[Collected data]
........

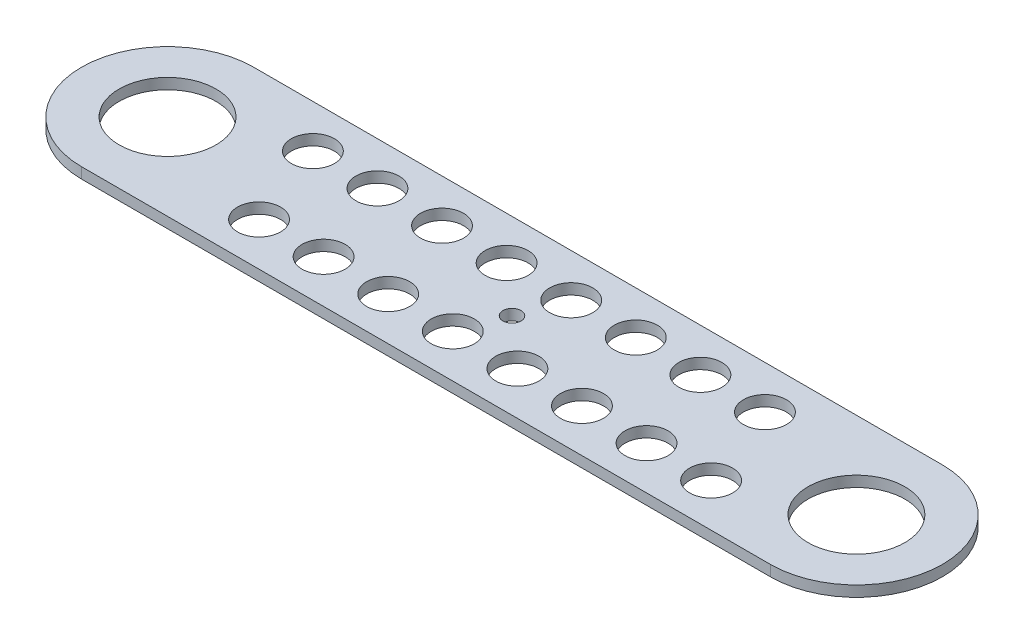
ISO-10303-21;
HEADER;
FILE_DESCRIPTION(('STEP AP214'),'2;1');
FILE_NAME('part.step','',(''),(''),'','','');
FILE_SCHEMA(('AUTOMOTIVE_DESIGN { 1 0 10303 214 1 1 1 1 }'));
ENDSEC;
DATA;
#1=APPLICATION_CONTEXT('core data for automotive mechanical design processes');
#2=APPLICATION_PROTOCOL_DEFINITION('international standard','automotive_design',2000,#1);
#3=PRODUCT_CONTEXT('',#1,'mechanical');
#4=PRODUCT('Part','Part','',(#3));
#5=PRODUCT_RELATED_PRODUCT_CATEGORY('part','',(#4));
#6=PRODUCT_DEFINITION_FORMATION('','',#4);
#7=PRODUCT_DEFINITION_CONTEXT('part definition',#1,'design');
#8=PRODUCT_DEFINITION('design','',#6,#7);
#9=PRODUCT_DEFINITION_SHAPE('','',#8);
#10=(LENGTH_UNIT() NAMED_UNIT(*) SI_UNIT(.MILLI.,.METRE.));
#11=(NAMED_UNIT(*) PLANE_ANGLE_UNIT() SI_UNIT($,.RADIAN.));
#12=(NAMED_UNIT(*) SI_UNIT($,.STERADIAN.) SOLID_ANGLE_UNIT());
#13=UNCERTAINTY_MEASURE_WITH_UNIT(LENGTH_MEASURE(1.E-05),#10,'distance_accuracy_value','');
#14=(GEOMETRIC_REPRESENTATION_CONTEXT(3) GLOBAL_UNCERTAINTY_ASSIGNED_CONTEXT((#13)) GLOBAL_UNIT_ASSIGNED_CONTEXT((#10,
#11,#12)) REPRESENTATION_CONTEXT('',''));
#15=CARTESIAN_POINT('',(0.,0.,0.));
#16=DIRECTION('',(0.,0.,1.));
#17=DIRECTION('',(1.,0.,0.));
#18=AXIS2_PLACEMENT_3D('',#15,#16,#17);
#19=CARTESIAN_POINT('',(0.,3.175,0.));
#20=DIRECTION('',(0.,1.,0.));
#21=DIRECTION('',(0.,0.,1.));
#22=AXIS2_PLACEMENT_3D('',#19,#20,#21);
#23=PLANE('',#22);
#24=CARTESIAN_POINT('',(125.4125,3.175,-12.7));
#25=DIRECTION('',(0.,1.,0.));
#26=DIRECTION('',(0.,0.,1.));
#27=AXIS2_PLACEMENT_3D('',#24,#25,#26);
#28=CIRCLE('',#27,6.35000000000002);
#29=CARTESIAN_POINT('',(125.4125,3.175,-6.35000000000001));
#30=VERTEX_POINT('',#29);
#31=EDGE_CURVE('E184',#30,#30,#28,.F.);
#32=ORIENTED_EDGE('',*,*,#31,.T.);
#33=EDGE_LOOP('',(#32));
#34=FACE_BOUND('',#33,.T.);
#35=CARTESIAN_POINT('',(144.4625,3.175,-12.7));
#36=DIRECTION('',(0.,1.,0.));
#37=DIRECTION('',(0.,0.,1.));
#38=AXIS2_PLACEMENT_3D('',#35,#36,#37);
#39=CIRCLE('',#38,6.35);
#40=CARTESIAN_POINT('',(144.4625,3.175,-6.35000000000004));
#41=VERTEX_POINT('',#40);
#42=EDGE_CURVE('E175',#41,#41,#39,.F.);
#43=ORIENTED_EDGE('',*,*,#42,.T.);
#44=EDGE_LOOP('',(#43));
#45=FACE_BOUND('',#44,.T.);
#46=CARTESIAN_POINT('',(163.5125,3.175,-12.7));
#47=DIRECTION('',(0.,1.,0.));
#48=DIRECTION('',(0.,0.,1.));
#49=AXIS2_PLACEMENT_3D('',#46,#47,#48);
#50=CIRCLE('',#49,6.35);
#51=CARTESIAN_POINT('',(163.5125,3.175,-6.35000000000004));
#52=VERTEX_POINT('',#51);
#53=EDGE_CURVE('E198',#52,#52,#50,.F.);
#54=ORIENTED_EDGE('',*,*,#53,.T.);
#55=EDGE_LOOP('',(#54));
#56=FACE_BOUND('',#55,.T.);
#57=CARTESIAN_POINT('',(39.6875,3.175,12.7));
#58=DIRECTION('',(0.,1.,0.));
#59=DIRECTION('',(0.,0.,1.));
#60=AXIS2_PLACEMENT_3D('',#57,#58,#59);
#61=CIRCLE('',#60,6.35);
#62=CARTESIAN_POINT('',(39.6875,3.175,19.05));
#63=VERTEX_POINT('',#62);
#64=EDGE_CURVE('E189',#63,#63,#61,.F.);
#65=ORIENTED_EDGE('',*,*,#64,.T.);
#66=EDGE_LOOP('',(#65));
#67=FACE_BOUND('',#66,.T.);
#68=CARTESIAN_POINT('',(106.3625,3.175,-12.7));
#69=DIRECTION('',(0.,1.,0.));
#70=DIRECTION('',(0.,0.,1.));
#71=AXIS2_PLACEMENT_3D('',#68,#69,#70);
#72=CIRCLE('',#71,6.35);
#73=CARTESIAN_POINT('',(106.3625,3.175,-6.35000000000004));
#74=VERTEX_POINT('',#73);
#75=EDGE_CURVE('E145',#74,#74,#72,.F.);
#76=ORIENTED_EDGE('',*,*,#75,.T.);
#77=EDGE_LOOP('',(#76));
#78=FACE_BOUND('',#77,.T.);
#79=CARTESIAN_POINT('',(87.3125,3.175,-12.7));
#80=DIRECTION('',(0.,1.,0.));
#81=DIRECTION('',(0.,0.,1.));
#82=AXIS2_PLACEMENT_3D('',#79,#80,#81);
#83=CIRCLE('',#82,6.35);
#84=CARTESIAN_POINT('',(87.3125,3.175,-6.35000000000004));
#85=VERTEX_POINT('',#84);
#86=EDGE_CURVE('E152',#85,#85,#83,.F.);
#87=ORIENTED_EDGE('',*,*,#86,.T.);
#88=EDGE_LOOP('',(#87));
#89=FACE_BOUND('',#88,.T.);
#90=CARTESIAN_POINT('',(68.2625,3.175,-12.7));
#91=DIRECTION('',(0.,1.,0.));
#92=DIRECTION('',(0.,0.,1.));
#93=AXIS2_PLACEMENT_3D('',#90,#91,#92);
#94=CIRCLE('',#93,6.35);
#95=CARTESIAN_POINT('',(68.2625,3.175,-6.35000000000004));
#96=VERTEX_POINT('',#95);
#97=EDGE_CURVE('E160',#96,#96,#94,.F.);
#98=ORIENTED_EDGE('',*,*,#97,.T.);
#99=EDGE_LOOP('',(#98));
#100=FACE_BOUND('',#99,.T.);
#101=CARTESIAN_POINT('',(49.2125,3.175,-12.7));
#102=DIRECTION('',(0.,1.,0.));
#103=DIRECTION('',(0.,0.,1.));
#104=AXIS2_PLACEMENT_3D('',#101,#102,#103);
#105=CIRCLE('',#104,6.35);
#106=CARTESIAN_POINT('',(49.2125,3.175,-6.35000000000004));
#107=VERTEX_POINT('',#106);
#108=EDGE_CURVE('E168',#107,#107,#105,.F.);
#109=ORIENTED_EDGE('',*,*,#108,.T.);
#110=EDGE_LOOP('',(#109));
#111=FACE_BOUND('',#110,.T.);
#112=CARTESIAN_POINT('',(58.7375,3.175,12.7));
#113=DIRECTION('',(0.,1.,0.));
#114=DIRECTION('',(0.,0.,1.));
#115=AXIS2_PLACEMENT_3D('',#112,#113,#114);
#116=CIRCLE('',#115,6.35000000000001);
#117=CARTESIAN_POINT('',(58.7375,3.175,19.05));
#118=VERTEX_POINT('',#117);
#119=EDGE_CURVE('E247',#118,#118,#116,.F.);
#120=ORIENTED_EDGE('',*,*,#119,.T.);
#121=EDGE_LOOP('',(#120));
#122=FACE_BOUND('',#121,.T.);
#123=CARTESIAN_POINT('',(77.7875,3.175,12.7));
#124=DIRECTION('',(0.,1.,0.));
#125=DIRECTION('',(0.,0.,1.));
#126=AXIS2_PLACEMENT_3D('',#123,#124,#125);
#127=CIRCLE('',#126,6.35000000000001);
#128=CARTESIAN_POINT('',(77.7875,3.175,19.05));
#129=VERTEX_POINT('',#128);
#130=EDGE_CURVE('E241',#129,#129,#127,.F.);
#131=ORIENTED_EDGE('',*,*,#130,.T.);
#132=EDGE_LOOP('',(#131));
#133=FACE_BOUND('',#132,.T.);
#134=CARTESIAN_POINT('',(96.8375,3.175,12.7));
#135=DIRECTION('',(0.,1.,0.));
#136=DIRECTION('',(0.,0.,1.));
#137=AXIS2_PLACEMENT_3D('',#134,#135,#136);
#138=CIRCLE('',#137,6.35);
#139=CARTESIAN_POINT('',(96.8375,3.175,19.05));
#140=VERTEX_POINT('',#139);
#141=EDGE_CURVE('E235',#140,#140,#138,.F.);
#142=ORIENTED_EDGE('',*,*,#141,.T.);
#143=EDGE_LOOP('',(#142));
#144=FACE_BOUND('',#143,.T.);
#145=CARTESIAN_POINT('',(115.8875,3.175,12.7));
#146=DIRECTION('',(0.,1.,0.));
#147=DIRECTION('',(0.,0.,1.));
#148=AXIS2_PLACEMENT_3D('',#145,#146,#147);
#149=CIRCLE('',#148,6.35000000000001);
#150=CARTESIAN_POINT('',(115.8875,3.175,19.05));
#151=VERTEX_POINT('',#150);
#152=EDGE_CURVE('E229',#151,#151,#149,.F.);
#153=ORIENTED_EDGE('',*,*,#152,.T.);
#154=EDGE_LOOP('',(#153));
#155=FACE_BOUND('',#154,.T.);
#156=CARTESIAN_POINT('',(134.9375,3.175,12.7));
#157=DIRECTION('',(0.,1.,0.));
#158=DIRECTION('',(0.,0.,1.));
#159=AXIS2_PLACEMENT_3D('',#156,#157,#158);
#160=CIRCLE('',#159,6.35);
#161=CARTESIAN_POINT('',(134.9375,3.175,19.05));
#162=VERTEX_POINT('',#161);
#163=EDGE_CURVE('E221',#162,#162,#160,.F.);
#164=ORIENTED_EDGE('',*,*,#163,.T.);
#165=EDGE_LOOP('',(#164));
#166=FACE_BOUND('',#165,.T.);
#167=CARTESIAN_POINT('',(153.9875,3.175,12.7));
#168=DIRECTION('',(0.,1.,0.));
#169=DIRECTION('',(0.,0.,1.));
#170=AXIS2_PLACEMENT_3D('',#167,#168,#169);
#171=CIRCLE('',#170,6.35);
#172=CARTESIAN_POINT('',(153.9875,3.175,19.05));
#173=VERTEX_POINT('',#172);
#174=EDGE_CURVE('E213',#173,#173,#171,.F.);
#175=ORIENTED_EDGE('',*,*,#174,.T.);
#176=EDGE_LOOP('',(#175));
#177=FACE_BOUND('',#176,.T.);
#178=CARTESIAN_POINT('',(173.0375,3.175,12.7));
#179=DIRECTION('',(0.,1.,0.));
#180=DIRECTION('',(0.,0.,1.));
#181=AXIS2_PLACEMENT_3D('',#178,#179,#180);
#182=CIRCLE('',#181,6.35);
#183=CARTESIAN_POINT('',(173.0375,3.175,19.05));
#184=VERTEX_POINT('',#183);
#185=EDGE_CURVE('E205',#184,#184,#182,.F.);
#186=ORIENTED_EDGE('',*,*,#185,.T.);
#187=EDGE_LOOP('',(#186));
#188=FACE_BOUND('',#187,.T.);
#189=CARTESIAN_POINT('',(30.1625,3.175,-12.7));
#190=DIRECTION('',(0.,1.,0.));
#191=DIRECTION('',(0.,0.,1.));
#192=AXIS2_PLACEMENT_3D('',#189,#190,#191);
#193=CIRCLE('',#192,6.35);
#194=CARTESIAN_POINT('',(30.1625,3.175,-6.35000000000004));
#195=VERTEX_POINT('',#194);
#196=EDGE_CURVE('E139',#195,#195,#193,.F.);
#197=ORIENTED_EDGE('',*,*,#196,.T.);
#198=EDGE_LOOP('',(#197));
#199=FACE_BOUND('',#198,.T.);
#200=CARTESIAN_POINT('',(101.6,3.175,0.));
#201=DIRECTION('',(0.,1.,0.));
#202=DIRECTION('',(0.,0.,1.));
#203=AXIS2_PLACEMENT_3D('',#200,#201,#202);
#204=CIRCLE('',#203,2.667);
#205=CARTESIAN_POINT('',(101.6,3.175,2.667));
#206=VERTEX_POINT('',#205);
#207=EDGE_CURVE('E135',#206,#206,#204,.T.);
#208=ORIENTED_EDGE('',*,*,#207,.F.);
#209=EDGE_LOOP('',(#208));
#210=FACE_BOUND('',#209,.T.);
#211=CARTESIAN_POINT('',(0.,3.175,0.));
#212=DIRECTION('',(0.,1.,0.));
#213=DIRECTION('',(0.,0.,1.));
#214=AXIS2_PLACEMENT_3D('',#211,#212,#213);
#215=CIRCLE('',#214,14.2875);
#216=CARTESIAN_POINT('',(0.,3.175,14.2875));
#217=VERTEX_POINT('',#216);
#218=EDGE_CURVE('E107',#217,#217,#215,.T.);
#219=ORIENTED_EDGE('',*,*,#218,.F.);
#220=EDGE_LOOP('',(#219));
#221=FACE_BOUND('',#220,.T.);
#222=CARTESIAN_POINT('',(0.,3.175,0.));
#223=DIRECTION('',(0.,1.,0.));
#224=DIRECTION('',(0.,0.,1.));
#225=AXIS2_PLACEMENT_3D('',#222,#223,#224);
#226=CIRCLE('',#225,25.4);
#227=CARTESIAN_POINT('',(0.,3.175,-25.4));
#228=VERTEX_POINT('',#227);
#229=CARTESIAN_POINT('',(0.,3.175,25.4));
#230=VERTEX_POINT('',#229);
#231=EDGE_CURVE('E90',#228,#230,#226,.T.);
#232=ORIENTED_EDGE('',*,*,#231,.T.);
#233=DIRECTION('',(1.,0.,0.));
#234=VECTOR('',#233,1.);
#235=CARTESIAN_POINT('',(0.,3.175,25.4));
#236=LINE('',#235,#234);
#237=CARTESIAN_POINT('',(203.2,3.175,25.4));
#238=VERTEX_POINT('',#237);
#239=EDGE_CURVE('E85',#230,#238,#236,.T.);
#240=ORIENTED_EDGE('',*,*,#239,.T.);
#241=CARTESIAN_POINT('',(203.2,3.175,0.));
#242=DIRECTION('',(0.,1.,0.));
#243=DIRECTION('',(0.,0.,1.));
#244=AXIS2_PLACEMENT_3D('',#241,#242,#243);
#245=CIRCLE('',#244,25.4);
#246=CARTESIAN_POINT('',(203.2,3.175,-25.4));
#247=VERTEX_POINT('',#246);
#248=EDGE_CURVE('E88',#238,#247,#245,.T.);
#249=ORIENTED_EDGE('',*,*,#248,.T.);
#250=DIRECTION('',(-1.,0.,0.));
#251=VECTOR('',#250,1.);
#252=CARTESIAN_POINT('',(0.,3.175,-25.4));
#253=LINE('',#252,#251);
#254=EDGE_CURVE('E55',#247,#228,#253,.T.);
#255=ORIENTED_EDGE('',*,*,#254,.T.);
#256=EDGE_LOOP('',(#232,#240,#249,#255));
#257=FACE_BOUND('',#256,.T.);
#258=CARTESIAN_POINT('',(203.2,3.175,0.));
#259=DIRECTION('',(0.,1.,0.));
#260=DIRECTION('',(0.,0.,1.));
#261=AXIS2_PLACEMENT_3D('',#258,#259,#260);
#262=CIRCLE('',#261,14.2875);
#263=CARTESIAN_POINT('',(203.2,3.175,14.2875));
#264=VERTEX_POINT('',#263);
#265=EDGE_CURVE('E124',#264,#264,#262,.T.);
#266=ORIENTED_EDGE('',*,*,#265,.F.);
#267=EDGE_LOOP('',(#266));
#268=FACE_BOUND('',#267,.T.);
#269=ADVANCED_FACE('F38',(#34,#45,#56,#67,#78,#89,#100,#111,#122,#133,#144,#155,#166,#177,#188,
#199,#210,#221,#257,#268),#23,.T.);
#270=CARTESIAN_POINT('',(0.,0.,0.));
#271=DIRECTION('',(0.,1.,0.));
#272=DIRECTION('',(0.,0.,1.));
#273=AXIS2_PLACEMENT_3D('',#270,#271,#272);
#274=PLANE('',#273);
#275=CARTESIAN_POINT('',(125.4125,0.,-12.7));
#276=DIRECTION('',(0.,-1.,0.));
#277=DIRECTION('',(0.,0.,-1.));
#278=AXIS2_PLACEMENT_3D('',#275,#276,#277);
#279=CIRCLE('',#278,6.35000000000002);
#280=CARTESIAN_POINT('',(125.4125,0.,-19.0500000000001));
#281=VERTEX_POINT('',#280);
#282=EDGE_CURVE('E149',#281,#281,#279,.T.);
#283=ORIENTED_EDGE('',*,*,#282,.F.);
#284=EDGE_LOOP('',(#283));
#285=FACE_BOUND('',#284,.T.);
#286=CARTESIAN_POINT('',(144.4625,0.,-12.7));
#287=DIRECTION('',(0.,-1.,0.));
#288=DIRECTION('',(0.,0.,-1.));
#289=AXIS2_PLACEMENT_3D('',#286,#287,#288);
#290=CIRCLE('',#289,6.35);
#291=CARTESIAN_POINT('',(144.4625,0.,-19.05));
#292=VERTEX_POINT('',#291);
#293=EDGE_CURVE('E179',#292,#292,#290,.T.);
#294=ORIENTED_EDGE('',*,*,#293,.F.);
#295=EDGE_LOOP('',(#294));
#296=FACE_BOUND('',#295,.T.);
#297=CARTESIAN_POINT('',(163.5125,0.,-12.7));
#298=DIRECTION('',(0.,-1.,0.));
#299=DIRECTION('',(0.,0.,-1.));
#300=AXIS2_PLACEMENT_3D('',#297,#298,#299);
#301=CIRCLE('',#300,6.35);
#302=CARTESIAN_POINT('',(163.5125,0.,-19.05));
#303=VERTEX_POINT('',#302);
#304=EDGE_CURVE('E180',#303,#303,#301,.T.);
#305=ORIENTED_EDGE('',*,*,#304,.F.);
#306=EDGE_LOOP('',(#305));
#307=FACE_BOUND('',#306,.T.);
#308=CARTESIAN_POINT('',(39.6875,0.,12.7));
#309=DIRECTION('',(0.,-1.,0.));
#310=DIRECTION('',(0.,0.,-1.));
#311=AXIS2_PLACEMENT_3D('',#308,#309,#310);
#312=CIRCLE('',#311,6.35);
#313=CARTESIAN_POINT('',(39.6875,0.,6.35));
#314=VERTEX_POINT('',#313);
#315=EDGE_CURVE('E193',#314,#314,#312,.T.);
#316=ORIENTED_EDGE('',*,*,#315,.F.);
#317=EDGE_LOOP('',(#316));
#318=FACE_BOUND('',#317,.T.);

........

| Work request |
Above are the records. Print exactly, and only, the lines from the line with "#136=DIRECTION('',(0.,0.,1.));" to the line with "#147=DIRECTION('',(0.,0.,1.));", both inclusive.

| Response for this exercise |
#136=DIRECTION('',(0.,0.,1.));
#137=AXIS2_PLACEMENT_3D('',#134,#135,#136);
#138=CIRCLE('',#137,6.35);
#139=CARTESIAN_POINT('',(96.8375,3.175,19.05));
#140=VERTEX_POINT('',#139);
#141=EDGE_CURVE('E235',#140,#140,#138,.F.);
#142=ORIENTED_EDGE('',*,*,#141,.T.);
#143=EDGE_LOOP('',(#142));
#144=FACE_BOUND('',#143,.T.);
#145=CARTESIAN_POINT('',(115.8875,3.175,12.7));
#146=DIRECTION('',(0.,1.,0.));
#147=DIRECTION('',(0.,0.,1.));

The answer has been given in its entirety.